Rajiv Gandhi killers' death commuted
India’s Supreme Court today commuted the death sentences of three men convicted of killing former Prime Minister Rajiv Gandhi to life term imprisonment.
Rejecting the government's view that an 11-year delay in deciding their mercy petition was not agony for the convicts, the court ruled that the three -- Santhan, Murugan and Perarivalan -- can also be released if the southern Indian state Tamil Nadu government grants them remission.
A bench of the apex court, headed by the Chief Justice of India, P Sathasivam, did not accept the government's view that the convicts did not deserve mercy, reports our New Delhi correspondent.
The Indian Attorney General Goolam E Vahanvati had said there was "not a word of remorse" in the convicts' petition for mercy.

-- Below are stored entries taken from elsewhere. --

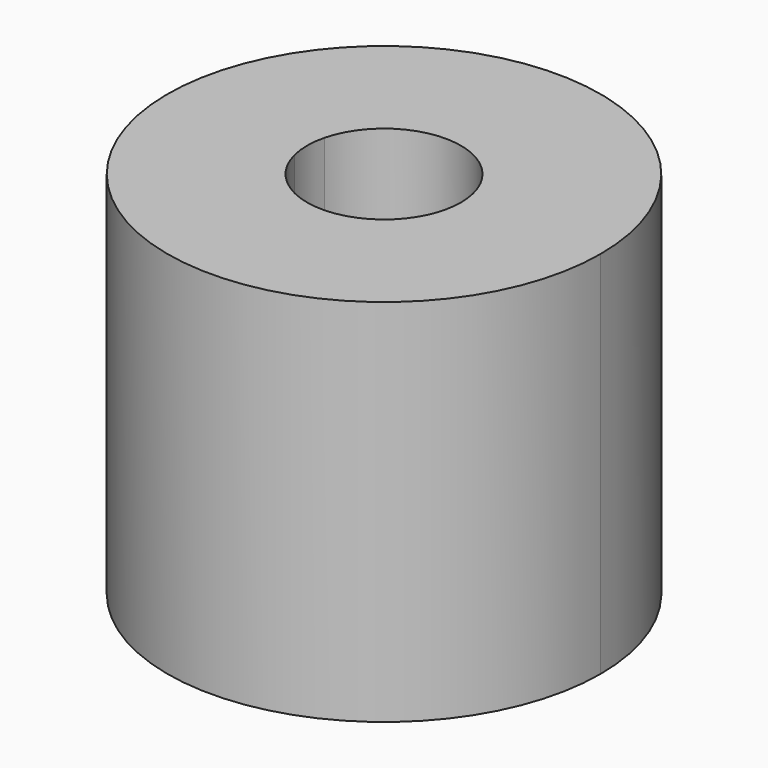
from build123d import *

# Parameters (mm, degrees)
F2_DEPTH = 25.4


with BuildPart() as f2:
    # F1 (on face) → F2 (new body)
    with BuildSketch(Plane.XY):
        with BuildLine():
            ThreePointArc((-4.8808341445, 14.0525419265), (-5.004069886, 14.0091313477), (-5.1269195974, 13.9646400592))
            Line((-5.1269195974, 13.9646400592), (-5.1269195974, 1.288408295))
            ThreePointArc((-5.1269195974, 1.288408295), (-1.4388144753, 5.0867586338), (3.6924446467, 3.783008462))
            Line((3.6924446467, 3.783008462), (3.6924446467, 14.4104937137))
            ThreePointArc((3.6924446467, 14.4104937137), (3.6125240495, 14.4307361744), (3.5324924947, 14.450535399))
            Line((3.5324924947, 14.450535399), (3.0549003277, 14.0525419265))
            Line((3.0549003277, 14.0525419265), (-4.8808341445, 14.0525419265))
        make_face()
        with BuildLine():
            Line((-5.1269195974, 1.288408295), (-5.1269195974, 13.9646400592))
            ThreePointArc((-5.1269195974, 13.9646400592), (-8.5155220323, -12.1976375196), (14.8760369905, 0))
            ThreePointArc((14.8760369905, 0), (11.752136395, 9.1205135105), (3.6924446467, 14.4104937137))
            Line((3.6924446467, 14.4104937137), (3.6924446467, 3.783008462))
            ThreePointArc((3.6924446467, 3.783008462), (4.8715904415, 2.0525367386), (5.2863314778, 0))
            ThreePointArc((5.2863314778, 0), (4.8715904415, -2.0525367386), (3.6924446467, -3.783008462))
            Line((3.6924446467, -3.783008462), (3.6924446467, -11.555492878))
            Line((3.6924446467, -11.555492878), (-4.7550187446, -10.9179485589))
            Line((-4.7550187446, -10.9179485589), (-5.1269195974, -10.9179485589))
            Line((-5.1269195974, -10.9179485589), (-5.1269195974, -1.288408295))
            ThreePointArc((-5.1269195974, -1.288408295), (-5.2863314778, 0), (-5.1269195974, 1.288408295))
        make_face()
        with BuildLine():
            ThreePointArc((3.5324924947, 14.450535399), (-0.7029267403, 14.8594202626), (-4.8808341445, 14.0525419265))
            Line((-4.8808341445, 14.0525419265), (3.0549003277, 14.0525419265))
            Line((3.0549003277, 14.0525419265), (3.5324924947, 14.450535399))
        make_face()
        with BuildLine():
            ThreePointArc((3.6924446467, -3.783008462), (-1.4388144753, -5.0867586338), (-5.1269195974, -1.288408295))
            Line((-5.1269195974, -1.288408295), (-5.1269195974, -10.9179485589))
            Line((-5.1269195974, -10.9179485589), (-4.7550187446, -10.9179485589))
            Line((-4.7550187446, -10.9179485589), (3.6924446467, -11.555492878))
            Line((3.6924446467, -11.555492878), (3.6924446467, -3.783008462))
        make_face()
    extrude(amount=F2_DEPTH)


solid = f2.part
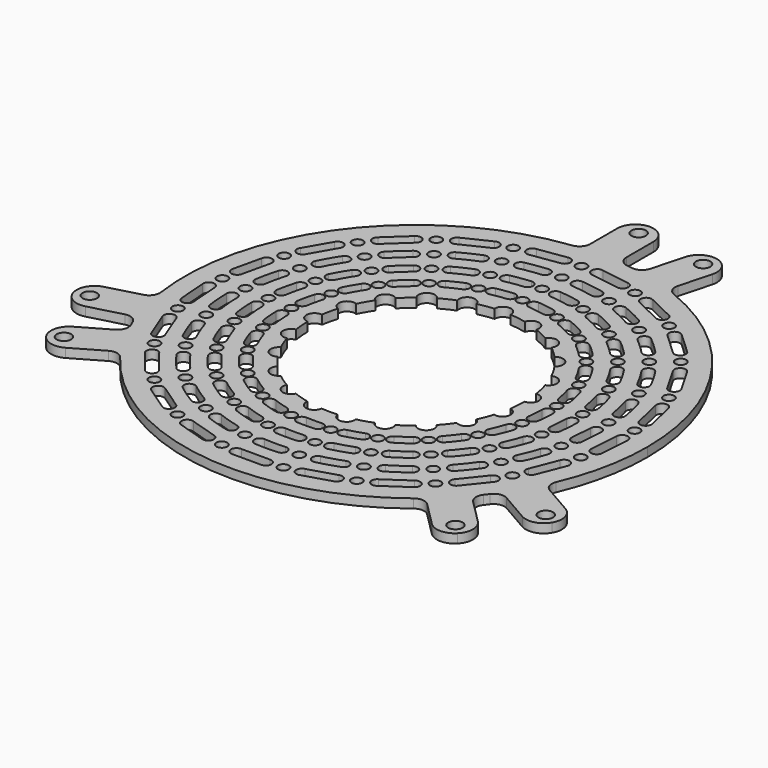
from build123d import *

# Parameters (mm, degrees)
F0_R      = 1.5
F0_R_2    = 30
F0_R_3    = 2
F1_DEPTH  = 2.5
F2_R      = 4.99999
F3_R      = 3
F5_DEPTH  = 25
F6_R      = 1.5579033755
F6_R_2    = 1.5577764336
F7_DEPTH  = 25
F8_R      = 2.25
F9_DEPTH  = 25
F11_DEPTH = 25
F12_R     = 1.5
F12_R_2   = 1.5000000369
F12_R_3   = 1.5000000493
F12_R_4   = 1.5000000692
F13_DEPTH = 25


# Not quite as in the source:
# - a fillet or chamfer is up to 0.001 mm smaller than in the source, because OpenCascade refuses the exact size


with BuildPart() as f1:
    # F0 (on Top) → F1 (new body)
    with BuildSketch(Plane.XY):
        with BuildLine():
            ThreePointArc((57.7562213692, -27.572067263), (62.4195408812, -14.1350951955), (64, 0))
            ThreePointArc((64, 0), (52.2588695026, 36.9460492923), (21.3434200529, 60.3362115188))
            ThreePointArc((21.3434200529, 60.3362115188), (16.5644188866, 61.8192528825), (11.68416179, 62.9244019699))
            ThreePointArc((11.68416179, 62.9244019699), (8.3536763021, 63.4524711279), (5, 63.8043885638))
            ThreePointArc((5, 63.8043885638), (0, 64), (-5, 63.8043885638))
            ThreePointArc((-5, 63.8043885638), (-50.7746137786, 38.9607314566), (-62.9244019699, -11.68416179))
            ThreePointArc((-62.9244019699, -11.68416179), (-61.8192528825, -16.5644188866), (-60.3362115188, -21.3434200529))
            ThreePointArc((-60.3362115188, -21.3434200529), (-59.1282900807, -24.4917396714), (-57.7562213692, -27.572067263))
            ThreePointArc((-57.7562213692, -27.572067263), (-55.4256258422, -32), (-52.7562213692, -36.2323213008))
            ThreePointArc((-52.7562213692, -36.2323213008), (-8.3536763021, -63.4524711279), (41.580981917, -48.6520497289))
            ThreePointArc((41.580981917, -48.6520497289), (45.2548339959, -45.2548339959), (48.6520497289, -41.580981917))
            ThreePointArc((48.6520497289, -41.580981917), (50.7746137786, -38.9607314566), (52.7562213692, -36.2323213008))
            ThreePointArc((52.7562213692, -36.2323213008), (55.4256258422, -32), (57.7562213692, -27.572067263))
        make_face()
        with Locations((-49.5366530965, -28.6)):
            Circle(F0_R, mode=Mode.SUBTRACT)
        with Locations((-24.8181498775, -51.535419244)):
            Circle(F0_R, mode=Mode.SUBTRACT)
        with Locations((-8.5252176253, -56.5611232601)):
            Circle(F0_R, mode=Mode.SUBTRACT)
        with Locations((-7.5117302153, -49.8370736417)):
            Circle(F0_R, mode=Mode.SUBTRACT)
        with Locations((-38.9058806005, -41.9305670687)):
            Circle(F0_R, mode=Mode.SUBTRACT)
        with Locations((-34.2807059837, -36.9458143402)):
            Circle(F0_R, mode=Mode.SUBTRACT)
        with Locations((-29.6555313668, -31.9610616118)):
            Circle(F0_R, mode=Mode.SUBTRACT)
        with Locations((-21.8677404515, -45.4088309423)):
            Circle(F0_R, mode=Mode.SUBTRACT)
        with Locations((-18.9173310255, -39.2822426405)):
            Circle(F0_R, mode=Mode.SUBTRACT)
        with Locations((-6.4982428053, -43.1130240234)):
            Circle(F0_R, mode=Mode.SUBTRACT)
        with Locations((-15.9669215995, -33.1556543388)):
            Circle(F0_R, mode=Mode.SUBTRACT)
        with Locations((-5.4847553953, -36.3889744051)):
            Circle(F0_R, mode=Mode.SUBTRACT)
        with Locations((-43.6476803507, -25.2)):
            Circle(F0_R, mode=Mode.SUBTRACT)
        with Locations((-55.7658765768, -12.7281974223)):
            Circle(F0_R, mode=Mode.SUBTRACT)
        with Locations((-49.136366774, -11.2150550714)):
            Circle(F0_R, mode=Mode.SUBTRACT)
        with Locations((-42.5068569711, -9.7019127205)):
            Circle(F0_R, mode=Mode.SUBTRACT)
        with Locations((-57.0400571988, 4.2745613531)):
            Circle(F0_R, mode=Mode.SUBTRACT)
        with Locations((-50.2590713779, 3.7663967168)):
            Circle(F0_R, mode=Mode.SUBTRACT)
        with Locations((-43.4780855571, 3.2582320804)):
            Circle(F0_R, mode=Mode.SUBTRACT)
        with Locations((-37.758707605, -21.8)):
            Circle(F0_R, mode=Mode.SUBTRACT)
        with Locations((-25.03035675, -26.9763088833)):
            Circle(F0_R, mode=Mode.SUBTRACT)
        with Locations((-31.8697348593, -18.4)):
            Circle(F0_R, mode=Mode.SUBTRACT)
        with Locations((-35.8773471683, -8.1887703696)):
            Circle(F0_R, mode=Mode.SUBTRACT)
        with Locations((-36.6970997363, 2.750067444)):
            Circle(F0_R, mode=Mode.SUBTRACT)
        with Locations((8.5252176253, -56.5611232601)):
            Circle(F0_R, mode=Mode.SUBTRACT)
        with Locations((7.5117302153, -49.8370736417)):
            Circle(F0_R, mode=Mode.SUBTRACT)
        with Locations((24.8181498775, -51.535419244)):
            Circle(F0_R, mode=Mode.SUBTRACT)
        with Locations((6.4982428053, -43.1130240234)):
            Circle(F0_R, mode=Mode.SUBTRACT)
        with Locations((5.4847553953, -36.3889744051)):
            Circle(F0_R, mode=Mode.SUBTRACT)
        with Locations((21.8677404515, -45.4088309423)):
            Circle(F0_R, mode=Mode.SUBTRACT)
        with Locations((18.9173310255, -39.2822426405)):
            Circle(F0_R, mode=Mode.SUBTRACT)
        with Locations((34.2807059837, -36.9458143402)):
            Circle(F0_R, mode=Mode.SUBTRACT)
        with Locations((15.9669215995, -33.1556543388)):
            Circle(F0_R, mode=Mode.SUBTRACT)
        with Locations((29.6555313668, -31.9610616118)):
            Circle(F0_R, mode=Mode.SUBTRACT)
        with Locations((38.9058806005, -41.9305670687)):
            Circle(F0_R, mode=Mode.SUBTRACT)
        with Locations((49.5366530965, -28.6)):
            Circle(F0_R, mode=Mode.SUBTRACT)
        with Locations((25.03035675, -26.9763088833)):
            Circle(F0_R, mode=Mode.SUBTRACT)
        with Locations((31.8697348593, -18.4)):
            Circle(F0_R, mode=Mode.SUBTRACT)
        Circle(F0_R_2, mode=Mode.SUBTRACT)
        with Locations((43.6476803507, -25.2)):
            Circle(F0_R, mode=Mode.SUBTRACT)
        with Locations((37.758707605, -21.8)):
            Circle(F0_R, mode=Mode.SUBTRACT)
        with Locations((42.5068569711, -9.7019127205)):
            Circle(F0_R, mode=Mode.SUBTRACT)
        with Locations((49.136366774, -11.2150550714)):
            Circle(F0_R, mode=Mode.SUBTRACT)
        with Locations((55.7658765768, -12.7281974223)):
            Circle(F0_R, mode=Mode.SUBTRACT)
        with Locations((35.8773471683, -8.1887703696)):
            Circle(F0_R, mode=Mode.SUBTRACT)
        with Locations((36.6970997363, 2.750067444)):
            Circle(F0_R, mode=Mode.SUBTRACT)
        with Locations((43.4780855571, 3.2582320804)):
            Circle(F0_R, mode=Mode.SUBTRACT)
        with Locations((50.2590713779, 3.7663967168)):
            Circle(F0_R, mode=Mode.SUBTRACT)
        with Locations((57.0400571988, 4.2745613531)):
            Circle(F0_R, mode=Mode.SUBTRACT)
        with Locations((-53.2459784224, 20.8975065938)):
            Circle(F0_R, mode=Mode.SUBTRACT)
        with Locations((-46.9160369317, 18.4131876281)):
            Circle(F0_R, mode=Mode.SUBTRACT)
        with Locations((-44.7207607972, 35.6636166663)):
            Circle(F0_R, mode=Mode.SUBTRACT)
        with Locations((-40.5860954409, 15.9288686624)):
            Circle(F0_R, mode=Mode.SUBTRACT)
        with Locations((-34.2561539501, 13.4445496967)):
            Circle(F0_R, mode=Mode.SUBTRACT)
        with Locations((-28.7713985548, 22.9444247084)):
            Circle(F0_R, mode=Mode.SUBTRACT)
        with Locations((-34.0878526356, 27.184155361)):
            Circle(F0_R, mode=Mode.SUBTRACT)
        with Locations((-39.4043067164, 31.4238860137)):
            Circle(F0_R, mode=Mode.SUBTRACT)
        with Locations((-24.5607545316, 36.0240105602)):
            Circle(F0_R, mode=Mode.SUBTRACT)
        with Locations((-28.3913309264, 41.6424342255)):
            Circle(F0_R, mode=Mode.SUBTRACT)
        with Locations((-20.7301781367, 30.4055868948)):
            Circle(F0_R, mode=Mode.SUBTRACT)
        with Locations((-10.8469904183, 35.1650792529)):
            Circle(F0_R, mode=Mode.SUBTRACT)
        with Locations((-12.8513256043, 41.6629743323)):
            Circle(F0_R, mode=Mode.SUBTRACT)
        with Locations((-32.2219073212, 47.2608578909)):
            Circle(F0_R, mode=Mode.SUBTRACT)
        with Locations((-14.8556607903, 48.1608694116)):
            Circle(F0_R, mode=Mode.SUBTRACT)
        with Locations((-16.8599959763, 54.658764491)):
            Circle(F0_R, mode=Mode.SUBTRACT)
        with Locations((34.2561539501, 13.4445496967)):
            Circle(F0_R, mode=Mode.SUBTRACT)
        with Locations((28.7713985548, 22.9444247084)):
            Circle(F0_R, mode=Mode.SUBTRACT)
        with Locations((10.8469904183, 35.1650792529)):
            Circle(F0_R, mode=Mode.SUBTRACT)
        with Locations((0, 36.8)):
            Circle(F0_R, mode=Mode.SUBTRACT)
        with Locations((0, 43.6)):
            Circle(F0_R, mode=Mode.SUBTRACT)
        with Locations((12.8513256043, 41.6629743323)):
            Circle(F0_R, mode=Mode.SUBTRACT)
        with Locations((20.7301781367, 30.4055868948)):
            Circle(F0_R, mode=Mode.SUBTRACT)
        with Locations((34.0878526356, 27.184155361)):
            Circle(F0_R, mode=Mode.SUBTRACT)
        with Locations((24.5607545316, 36.0240105602)):
            Circle(F0_R, mode=Mode.SUBTRACT)
        with Locations((28.3913309264, 41.6424342255)):
            Circle(F0_R, mode=Mode.SUBTRACT)
        with Locations((40.5860954409, 15.9288686624)):
            Circle(F0_R, mode=Mode.SUBTRACT)
        with Locations((46.9160369317, 18.4131876281)):
            Circle(F0_R, mode=Mode.SUBTRACT)
        with Locations((53.2459784224, 20.8975065938)):
            Circle(F0_R, mode=Mode.SUBTRACT)
        with Locations((39.4043067164, 31.4238860137)):
            Circle(F0_R, mode=Mode.SUBTRACT)
        with Locations((44.7207607972, 35.6636166663)):
            Circle(F0_R, mode=Mode.SUBTRACT)
        with Locations((0, 50.4)):
            Circle(F0_R, mode=Mode.SUBTRACT)
        with Locations((14.8556607903, 48.1608694116)):
            Circle(F0_R, mode=Mode.SUBTRACT)
        with Locations((0, 57.2)):
            Circle(F0_R, mode=Mode.SUBTRACT)
        with Locations((32.2219073212, 47.2608578909)):
            Circle(F0_R, mode=Mode.SUBTRACT)
        with Locations((16.8599959763, 54.658764491)):
            Circle(F0_R, mode=Mode.SUBTRACT)
        with BuildLine():
            ThreePointArc((-5, 63.8043885638), (0, 64), (5, 63.8043885638))
            Line((5, 63.8043885638), (5, 80.8455317256))
            Line((5, 80.8455317256), (-5, 80.8455317256))
            Line((-5, 80.8455317256), (-5, 63.8043885638))
        make_face()
        with Locations((0, 77)):
            Circle(F0_R_3, mode=Mode.SUBTRACT)
        with BuildLine():
            ThreePointArc((11.68416179, 62.9244019699), (16.5644188866, 61.8192528825), (21.3434200529, 60.3362115188))
            Line((21.3434200529, 60.3362115188), (25.7539924535, 76.7966918083))
            Line((25.7539924535, 76.7966918083), (16.0947341906, 79.3848822594))
            Line((16.0947341906, 79.3848822594), (11.68416179, 62.9244019699))
        make_face()
        with Locations((19.9290664729, 74.3762886243)):
            Circle(F0_R_3, mode=Mode.SUBTRACT)
        with BuildLine():
            Line((72.5142842569, -36.0926388439), (57.7562213692, -27.572067263))
            ThreePointArc((57.7562213692, -27.572067263), (55.4256258422, -32), (52.7562213692, -36.2323213008))
            Line((52.7562213692, -36.2323213008), (67.5142842569, -44.7528928817))
            Line((67.5142842569, -44.7528928817), (72.5142842569, -36.0926388439))
        make_face()
        with Locations((66.6839560914, -38.5)):
            Circle(F0_R_3, mode=Mode.SUBTRACT)
        with BuildLine():
            Line((60.7019576178, -53.6308898059), (48.6520497289, -41.580981917))
            ThreePointArc((48.6520497289, -41.580981917), (45.2548339959, -45.2548339959), (41.580981917, -48.6520497289))
            Line((41.580981917, -48.6520497289), (53.6308898059, -60.7019576178))
            Line((53.6308898059, -60.7019576178), (60.7019576178, -53.6308898059))
        make_face()
        with Locations((54.4472221514, -54.4472221514)):
            Circle(F0_R_3, mode=Mode.SUBTRACT)
        with BuildLine():
            Line((-67.5142842569, -44.7528928817), (-52.7562213692, -36.2323213008))
            ThreePointArc((-52.7562213692, -36.2323213008), (-55.4256258422, -32), (-57.7562213692, -27.572067263))
            Line((-57.7562213692, -27.572067263), (-72.5142842569, -36.0926388439))
            Line((-72.5142842569, -36.0926388439), (-67.5142842569, -44.7528928817))
        make_face()
        with Locations((-66.6839560914, -38.5)):
            Circle(F0_R_3, mode=Mode.SUBTRACT)
        with BuildLine():
            ThreePointArc((-60.3362115188, -21.3434200529), (-61.8192528825, -16.5644188866), (-62.9244019699, -11.68416179))
            Line((-62.9244019699, -11.68416179), (-79.3848822594, -16.0947341906))
            Line((-79.3848822594, -16.0947341906), (-76.7966918083, -25.7539924535))
            Line((-76.7966918083, -25.7539924535), (-60.3362115188, -21.3434200529))
        make_face()
        with Locations((-74.3762886243, -19.9290664729)):
            Circle(F0_R_3, mode=Mode.SUBTRACT)
    extrude(amount=F1_DEPTH)

    # F2 (radius 5 in the source; OpenCascade refuses exactly that, so slightly less here)
    f2_edges = [f1.edges().sort_by_distance(p)[0] for p in [
        (-5, 80.845532, 1.25),
        (5, 80.845532, 1.25),
        (16.094734, 79.384882, 1.25),
        (25.753992, 76.796692, 1.25),
        (-67.514284, -44.752893, 1.25),
        (-72.514284, -36.092639, 1.25),
        (-76.796692, -25.753992, 1.25),
        (-79.384882, -16.094734, 1.25),
        (60.701958, -53.63089, 1.25),
        (53.63089, -60.701958, 1.25),
        (67.514284, -44.752893, 1.25),
        (72.514284, -36.092639, 1.25),
    ]]
    fillet(f2_edges, radius=F2_R)

    # F3
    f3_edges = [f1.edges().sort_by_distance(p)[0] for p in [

At the previous hearing Vahanvati had said, "they (the convicts) are leading a disciplined life, entertaining and educating inmates, so there is no agony, torture or dehumanising effect due to delay."
Today's verdict follows the Supreme Court's January 21 order commuting the death sentences of 15 convicts, announcing that "inordinate and inexplicable" delays in carrying out executions were grounds for reducing their original punishment. Santhan, Perarivalan and Murugan were convicted in 1998 for Rajiv Gandhi's assassination in May 1991.
Their mercy petition was sent to the president of India, the last stage in the process of appeals, in 2000 and was rejected 11 years later. Their hanging was stayed in 2011 on the orders of the Madras High Court.
Murugan's wife Nalini was also sentenced to death but it was commuted to life on the intervention of Rajiv Gandhi's widow and India’s ruling Congress party chief Sonia Gandhi.
Rajiv Gandhi was killed by a woman suicide bomber on May 21 at Sriperambudur, near Chennai, in Tamil Nadu.